[ACTION ITEM]:
Reproduce the records exactly, beginning with their first line and ending with the line that contains "### Overview", and output nothing more.

Data entries:
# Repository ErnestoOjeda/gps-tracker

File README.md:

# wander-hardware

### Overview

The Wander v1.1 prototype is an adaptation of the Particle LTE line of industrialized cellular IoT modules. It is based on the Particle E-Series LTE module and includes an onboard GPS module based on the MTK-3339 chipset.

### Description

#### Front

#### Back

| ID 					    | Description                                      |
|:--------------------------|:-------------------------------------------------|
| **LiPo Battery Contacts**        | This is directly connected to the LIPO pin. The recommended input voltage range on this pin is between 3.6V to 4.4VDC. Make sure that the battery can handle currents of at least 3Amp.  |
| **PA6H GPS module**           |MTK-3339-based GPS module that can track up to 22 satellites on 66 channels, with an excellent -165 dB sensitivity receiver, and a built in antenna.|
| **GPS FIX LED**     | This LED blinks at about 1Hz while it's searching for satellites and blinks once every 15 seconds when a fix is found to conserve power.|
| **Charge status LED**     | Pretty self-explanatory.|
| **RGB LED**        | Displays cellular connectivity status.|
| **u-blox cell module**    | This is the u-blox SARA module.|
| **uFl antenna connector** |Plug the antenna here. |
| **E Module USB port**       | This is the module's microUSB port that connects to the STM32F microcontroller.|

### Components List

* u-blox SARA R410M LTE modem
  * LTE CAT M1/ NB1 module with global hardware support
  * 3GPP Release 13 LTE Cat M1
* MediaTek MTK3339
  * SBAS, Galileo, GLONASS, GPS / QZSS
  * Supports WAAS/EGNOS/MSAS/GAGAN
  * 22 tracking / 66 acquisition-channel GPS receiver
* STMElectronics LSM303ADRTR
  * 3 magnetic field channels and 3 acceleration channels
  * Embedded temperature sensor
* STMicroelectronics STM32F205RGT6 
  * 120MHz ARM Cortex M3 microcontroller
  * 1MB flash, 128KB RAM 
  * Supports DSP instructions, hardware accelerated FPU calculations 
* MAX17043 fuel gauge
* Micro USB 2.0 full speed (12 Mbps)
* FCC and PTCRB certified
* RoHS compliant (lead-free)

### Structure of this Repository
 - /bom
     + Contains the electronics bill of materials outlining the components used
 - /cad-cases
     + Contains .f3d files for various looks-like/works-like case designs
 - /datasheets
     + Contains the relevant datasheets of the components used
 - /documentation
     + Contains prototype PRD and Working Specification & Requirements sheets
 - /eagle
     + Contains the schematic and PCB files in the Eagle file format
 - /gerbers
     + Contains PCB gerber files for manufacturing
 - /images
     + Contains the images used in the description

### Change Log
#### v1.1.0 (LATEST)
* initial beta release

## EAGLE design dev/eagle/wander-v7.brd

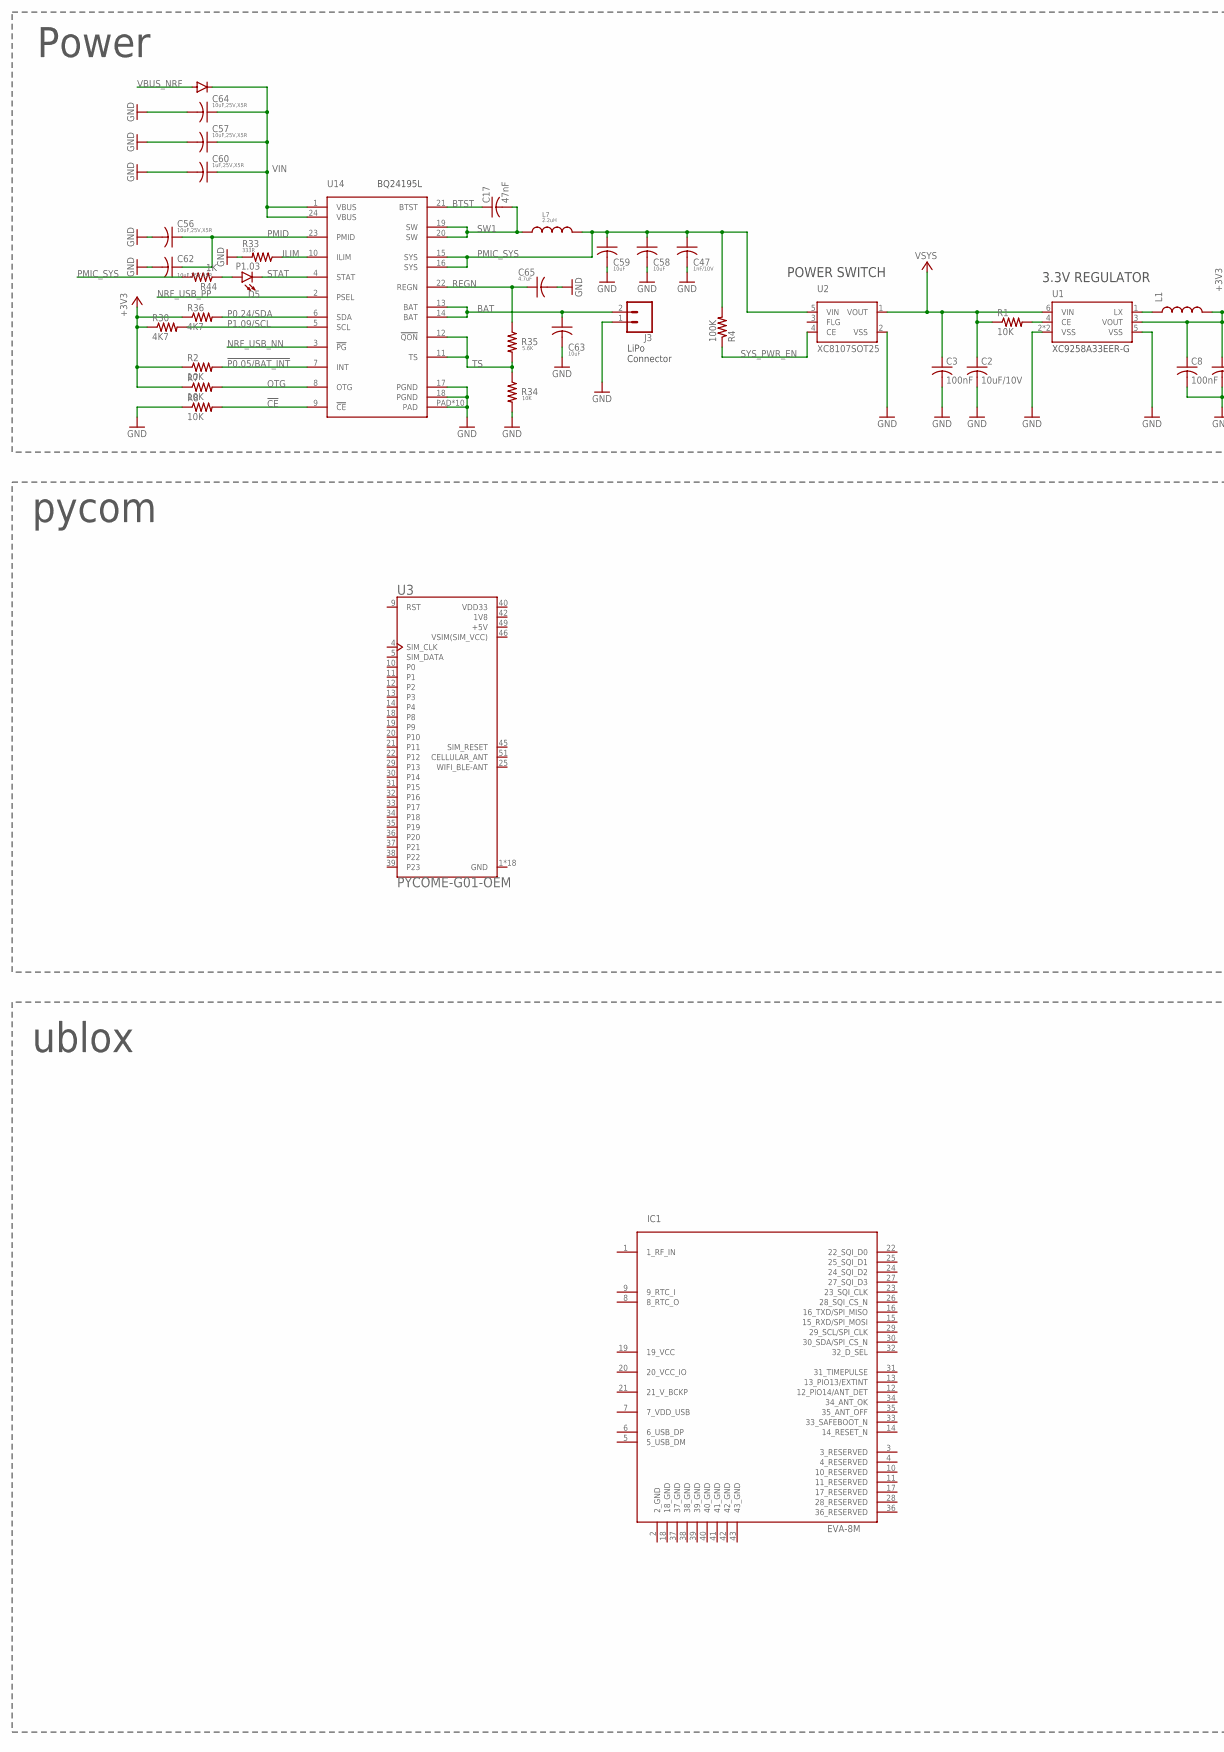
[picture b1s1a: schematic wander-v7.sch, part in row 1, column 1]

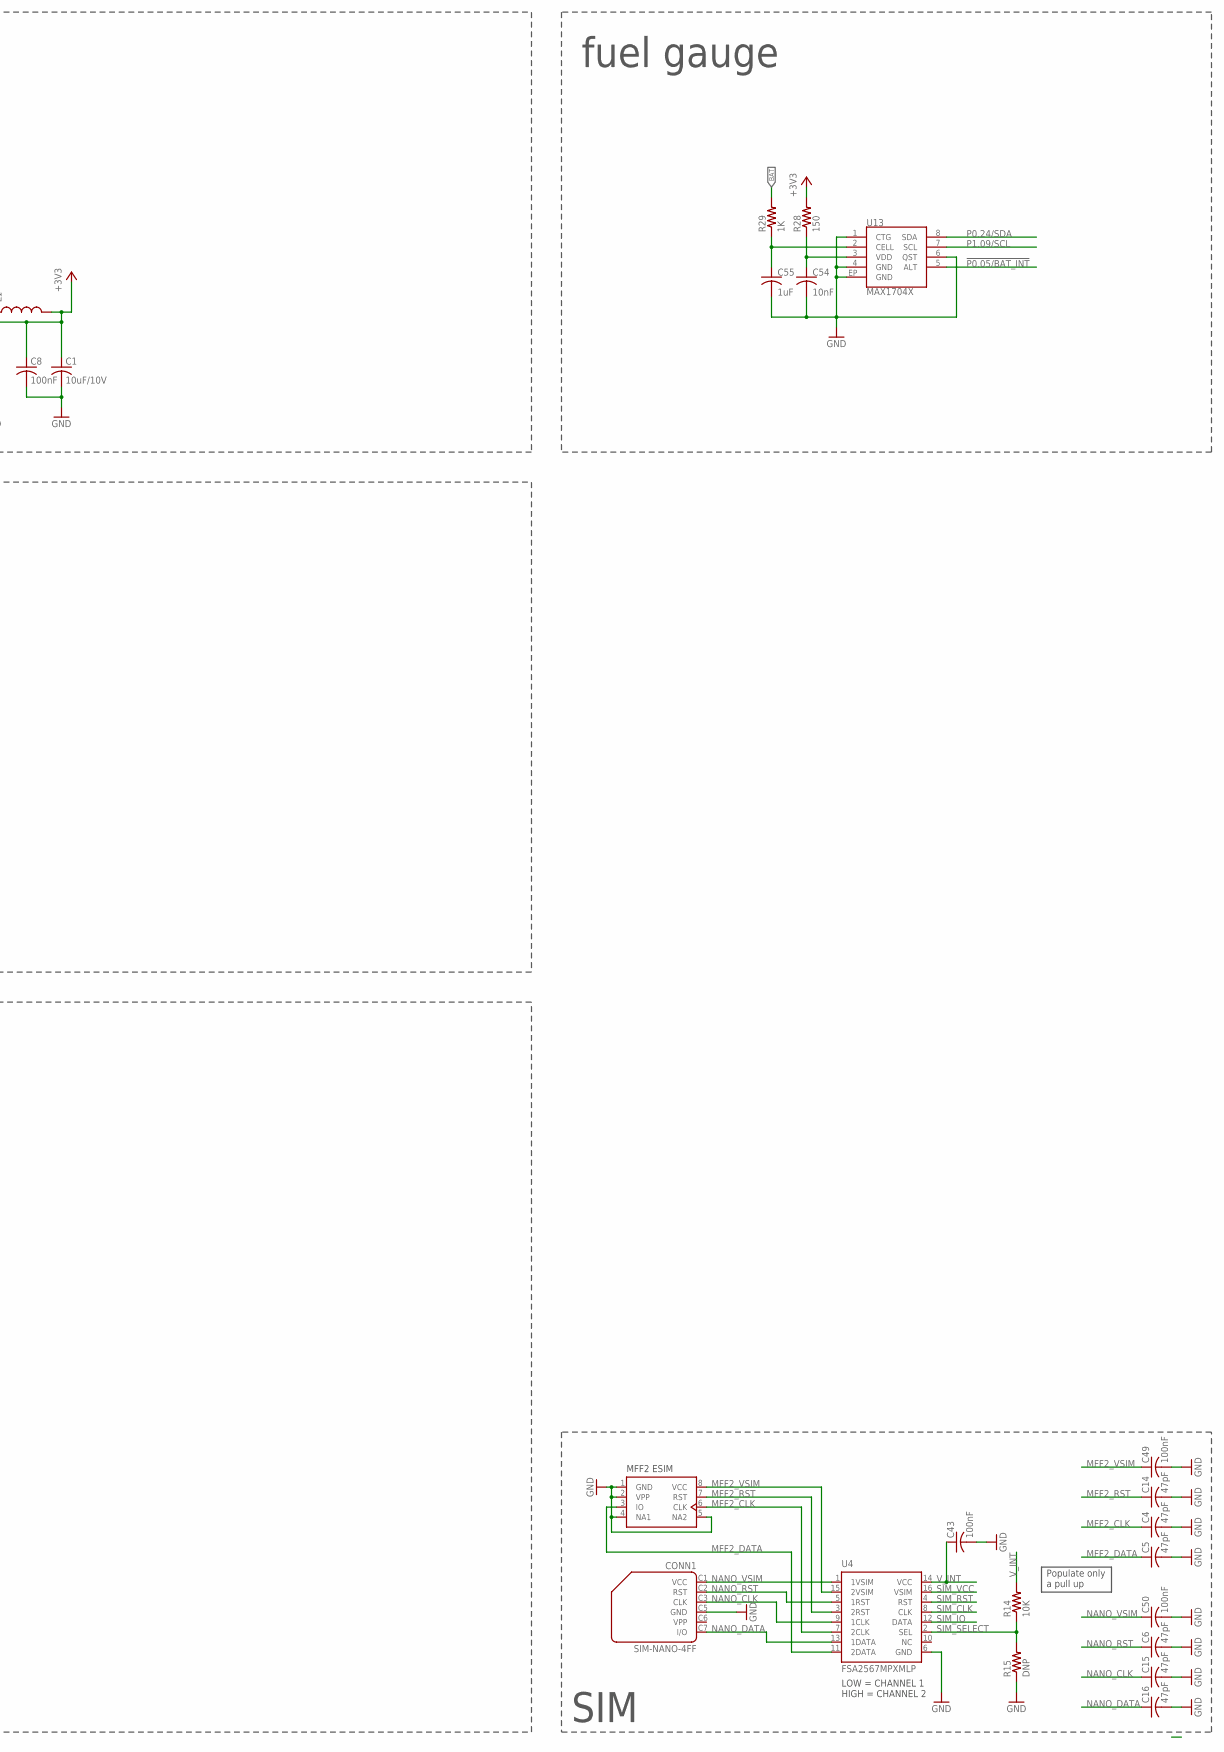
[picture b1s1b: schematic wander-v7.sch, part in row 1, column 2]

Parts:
C1, C2: 10uF/10V; C0603K
C3: 100nF; C0603K
C4, C5, C6, C14, C15, C16: 47pF; C0201_B
C8, C43, C49, C50: 100nF; C0201_B
C17: 47nF; C0201_B
C47: 1nF/10V; C0402_B
C54: 10nF; C0402_B
C55: 1uF; C0402_B
C56, C57, C62, C64: 10uF,25V,X5R; C0603_B
C58, C59, C63: 10uF; C0603_B
C60: 1uF,25V,X5R; C0603_B
C65: 4.7uF; C0603_B
CONN1: SIM-NANO-4FF; GCT-SIM8100
D4: DIODE_NT; DIODE-DO-220AA_NT(SMP)
D5: P1.03; LED-0603
IC1: EVA-8M
J3: CONN_02-JST-2MM-SMT; JST-2-SMD@2
L1: INDUCTOR-SPARKFUNVLS3012ET-4R7M; INDUCTOR-VLS-E
L7: 2.2uH; INDUCTOR-4040
R1, R2, R7, R8, R14: 10K; C0201_B
R4: 100K; C0201_B
R15: DNP; C0201_B
R28: 150; 0402-RES
R29: 1K; 0402-RES
R30, R36: 4K7; C0201_B
R33: 333R; R0402_B
R34: 10K; R0402_B
R35: 5.6K; R0402_B
R44: 1K; C0201_B
U1: XC9258A33EER-G; USP-6C
U2: XC8107SOT25; SOT25
U3: PYCOME-G01-OEM; PYCOM_PYCOME-G01-OEM
U4: FSA2567MPXMLP; MLP16
U7: ESIMSON8; MFF2
U13: MAX1704X; TDFN-8
U14: BQ24195L; QFN24

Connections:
1V8: U3.42 (1V8)
!CE: R8.2, U14.9 (!CE)
!P0.05/BAT_INT: R2.2, U13.5 (ALT), U14.7 (INT)
+3V3: C1.1, C8.1, L1.P$2 (2), R2.1, R7.1, R28.2, R30.1, R36.1, U1.3 (VOUT)
+5V: U3.49 (+5V)
BAT: C63.1, J3.2 (1), R29.2, U14.13 (BAT), U14.14 (BAT)
BTST: C17.1, U14.21 (BTST)
GND: C1.2, C2.2, C3.2, C4.2, C5.2, C6.2, C8.2, C14.2, C15.2, C16.2, C43.2, C47.2, C49.2, C50.2, C54.2, C55.2, C56.2, C57.2, C58.2, C59.2, C60.2, C62.2, C63.2, C64.2, C65.2, CONN1.C5 (GND), J3.1 (2), R8.1, R15.1, R33.2, R34.2, U1.2 (VSS), U1.5 (VSS), U1.P$1 (VSS), U2.2 (VSS), U3.1 (GND), U3.2 (GND), U3.3 (GND), U3.6 (GND), U3.7 (GND), U3.8 (GND), U3.23 (GND), U3.24 (GND), U3.26 (GND), U3.27 (GND), U3.28 (GND), U3.41 (GND), U3.43 (GND), U3.44 (GND), U3.47 (GND), U3.48 (GND), U3.50 (GND), U3.52 (GND), U4.6 (GND), U7.1 (GND), U7.2 (VPP), U7.4 (NA1), U7.5 (NA2), U13.1 (CTG), U13.4 (GND), U13.6 (QST), U13.EP (GND), U14.17 (PGND), U14.18 (PGND), U14.PAD, U14.PAD@1 (PAD), U14.PAD@2 (PAD), U14.PAD@3 (PAD), U14.PAD@4 (PAD), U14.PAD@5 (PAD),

[TASK RESULT]:
# Repository ErnestoOjeda/gps-tracker

File README.md:

# wander-hardware

### Overview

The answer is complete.